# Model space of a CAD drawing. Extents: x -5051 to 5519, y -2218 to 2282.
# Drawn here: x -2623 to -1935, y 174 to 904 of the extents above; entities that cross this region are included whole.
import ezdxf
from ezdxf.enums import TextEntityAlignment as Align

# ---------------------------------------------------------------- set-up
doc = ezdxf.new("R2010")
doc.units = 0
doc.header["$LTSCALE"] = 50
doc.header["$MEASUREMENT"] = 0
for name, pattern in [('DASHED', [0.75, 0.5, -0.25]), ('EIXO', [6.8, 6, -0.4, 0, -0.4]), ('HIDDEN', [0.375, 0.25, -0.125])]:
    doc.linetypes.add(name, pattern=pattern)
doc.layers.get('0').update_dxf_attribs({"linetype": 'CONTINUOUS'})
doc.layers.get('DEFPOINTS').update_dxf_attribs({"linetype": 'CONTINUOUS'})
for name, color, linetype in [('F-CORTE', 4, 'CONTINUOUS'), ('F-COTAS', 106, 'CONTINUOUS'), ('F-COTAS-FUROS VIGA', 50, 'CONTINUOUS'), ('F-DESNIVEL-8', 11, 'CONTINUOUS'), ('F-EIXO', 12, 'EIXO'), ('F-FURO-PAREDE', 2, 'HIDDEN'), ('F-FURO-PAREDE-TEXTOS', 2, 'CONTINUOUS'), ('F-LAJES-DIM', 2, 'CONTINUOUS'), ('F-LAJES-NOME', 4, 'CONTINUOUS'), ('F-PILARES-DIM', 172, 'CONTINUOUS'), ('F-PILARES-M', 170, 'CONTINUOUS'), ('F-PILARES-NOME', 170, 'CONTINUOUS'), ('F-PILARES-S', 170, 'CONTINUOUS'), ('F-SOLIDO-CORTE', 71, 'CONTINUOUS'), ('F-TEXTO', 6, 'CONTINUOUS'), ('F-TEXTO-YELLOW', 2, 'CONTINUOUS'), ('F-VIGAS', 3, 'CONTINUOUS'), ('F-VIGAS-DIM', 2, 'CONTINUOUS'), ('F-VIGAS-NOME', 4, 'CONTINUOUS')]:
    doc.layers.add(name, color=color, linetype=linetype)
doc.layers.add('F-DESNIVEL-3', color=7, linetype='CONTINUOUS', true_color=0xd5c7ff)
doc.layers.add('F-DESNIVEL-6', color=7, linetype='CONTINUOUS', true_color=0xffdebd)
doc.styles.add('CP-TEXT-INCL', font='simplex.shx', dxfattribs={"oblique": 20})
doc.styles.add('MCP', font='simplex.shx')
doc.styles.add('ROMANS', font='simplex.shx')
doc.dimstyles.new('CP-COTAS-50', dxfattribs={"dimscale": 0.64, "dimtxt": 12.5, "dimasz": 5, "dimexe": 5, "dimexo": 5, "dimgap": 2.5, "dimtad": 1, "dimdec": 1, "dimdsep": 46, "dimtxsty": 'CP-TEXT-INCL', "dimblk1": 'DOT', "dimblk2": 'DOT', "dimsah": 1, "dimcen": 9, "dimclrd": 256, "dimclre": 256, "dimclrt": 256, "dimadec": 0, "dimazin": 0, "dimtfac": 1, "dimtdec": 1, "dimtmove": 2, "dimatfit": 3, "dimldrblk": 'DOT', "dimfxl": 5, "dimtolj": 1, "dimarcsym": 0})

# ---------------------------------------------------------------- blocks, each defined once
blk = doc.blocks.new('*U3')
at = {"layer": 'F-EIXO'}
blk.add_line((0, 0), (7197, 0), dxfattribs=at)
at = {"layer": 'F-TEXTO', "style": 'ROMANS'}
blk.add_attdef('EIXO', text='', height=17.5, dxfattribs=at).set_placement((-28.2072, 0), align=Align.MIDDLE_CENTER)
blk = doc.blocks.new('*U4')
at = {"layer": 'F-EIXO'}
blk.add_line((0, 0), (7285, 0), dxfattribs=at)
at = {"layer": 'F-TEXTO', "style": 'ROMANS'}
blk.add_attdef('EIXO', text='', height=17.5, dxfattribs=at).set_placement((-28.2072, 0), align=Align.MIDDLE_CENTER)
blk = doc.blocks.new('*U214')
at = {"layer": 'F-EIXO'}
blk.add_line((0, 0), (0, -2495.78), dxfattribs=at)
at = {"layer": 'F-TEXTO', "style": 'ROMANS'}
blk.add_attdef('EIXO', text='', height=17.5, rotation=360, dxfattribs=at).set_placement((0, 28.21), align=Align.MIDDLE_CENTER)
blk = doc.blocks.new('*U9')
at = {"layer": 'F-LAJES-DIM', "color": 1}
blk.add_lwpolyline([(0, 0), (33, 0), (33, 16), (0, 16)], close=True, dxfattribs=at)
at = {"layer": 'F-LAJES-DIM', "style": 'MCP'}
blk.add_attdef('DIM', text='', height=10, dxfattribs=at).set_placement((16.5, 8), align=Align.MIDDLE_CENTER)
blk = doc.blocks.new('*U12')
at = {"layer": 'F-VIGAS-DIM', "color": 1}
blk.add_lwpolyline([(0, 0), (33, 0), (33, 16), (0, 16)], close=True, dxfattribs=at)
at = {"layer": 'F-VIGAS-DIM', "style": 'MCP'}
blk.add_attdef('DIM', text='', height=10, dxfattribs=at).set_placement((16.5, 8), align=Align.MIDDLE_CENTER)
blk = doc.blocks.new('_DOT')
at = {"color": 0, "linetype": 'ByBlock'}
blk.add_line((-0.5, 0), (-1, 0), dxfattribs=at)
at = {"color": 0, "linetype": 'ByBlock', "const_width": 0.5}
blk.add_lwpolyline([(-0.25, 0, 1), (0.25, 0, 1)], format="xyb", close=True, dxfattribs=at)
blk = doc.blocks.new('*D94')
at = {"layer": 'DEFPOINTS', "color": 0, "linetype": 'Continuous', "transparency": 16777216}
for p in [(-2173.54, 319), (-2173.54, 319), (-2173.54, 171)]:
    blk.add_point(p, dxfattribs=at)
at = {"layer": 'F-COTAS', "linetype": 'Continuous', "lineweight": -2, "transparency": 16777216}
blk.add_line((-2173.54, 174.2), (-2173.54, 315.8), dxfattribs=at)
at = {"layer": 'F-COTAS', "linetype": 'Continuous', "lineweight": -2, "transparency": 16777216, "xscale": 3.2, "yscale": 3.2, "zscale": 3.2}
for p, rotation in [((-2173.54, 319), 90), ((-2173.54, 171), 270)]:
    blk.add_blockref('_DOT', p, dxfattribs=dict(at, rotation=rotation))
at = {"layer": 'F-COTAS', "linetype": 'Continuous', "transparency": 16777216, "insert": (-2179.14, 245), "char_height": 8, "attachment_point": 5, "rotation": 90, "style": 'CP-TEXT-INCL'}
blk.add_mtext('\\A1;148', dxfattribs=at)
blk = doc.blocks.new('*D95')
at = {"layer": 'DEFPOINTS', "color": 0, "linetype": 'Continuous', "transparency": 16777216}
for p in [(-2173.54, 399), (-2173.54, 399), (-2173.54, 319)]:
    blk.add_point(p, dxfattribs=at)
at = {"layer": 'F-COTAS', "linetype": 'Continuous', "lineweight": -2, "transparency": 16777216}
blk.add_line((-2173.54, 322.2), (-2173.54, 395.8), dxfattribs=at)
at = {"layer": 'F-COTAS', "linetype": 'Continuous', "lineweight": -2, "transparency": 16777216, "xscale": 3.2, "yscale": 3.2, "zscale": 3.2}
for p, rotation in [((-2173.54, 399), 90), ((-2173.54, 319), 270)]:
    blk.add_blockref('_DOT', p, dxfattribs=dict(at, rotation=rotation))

**HOW TO COMPLETE THIS TASK**.
Among the lines above, find those that contain the word "ezdxf" and copy them.

**EXERCISE RESPONSE**.
import ezdxf
from ezdxf.enums import TextEntityAlignment as Align
doc = ezdxf.new("R2010")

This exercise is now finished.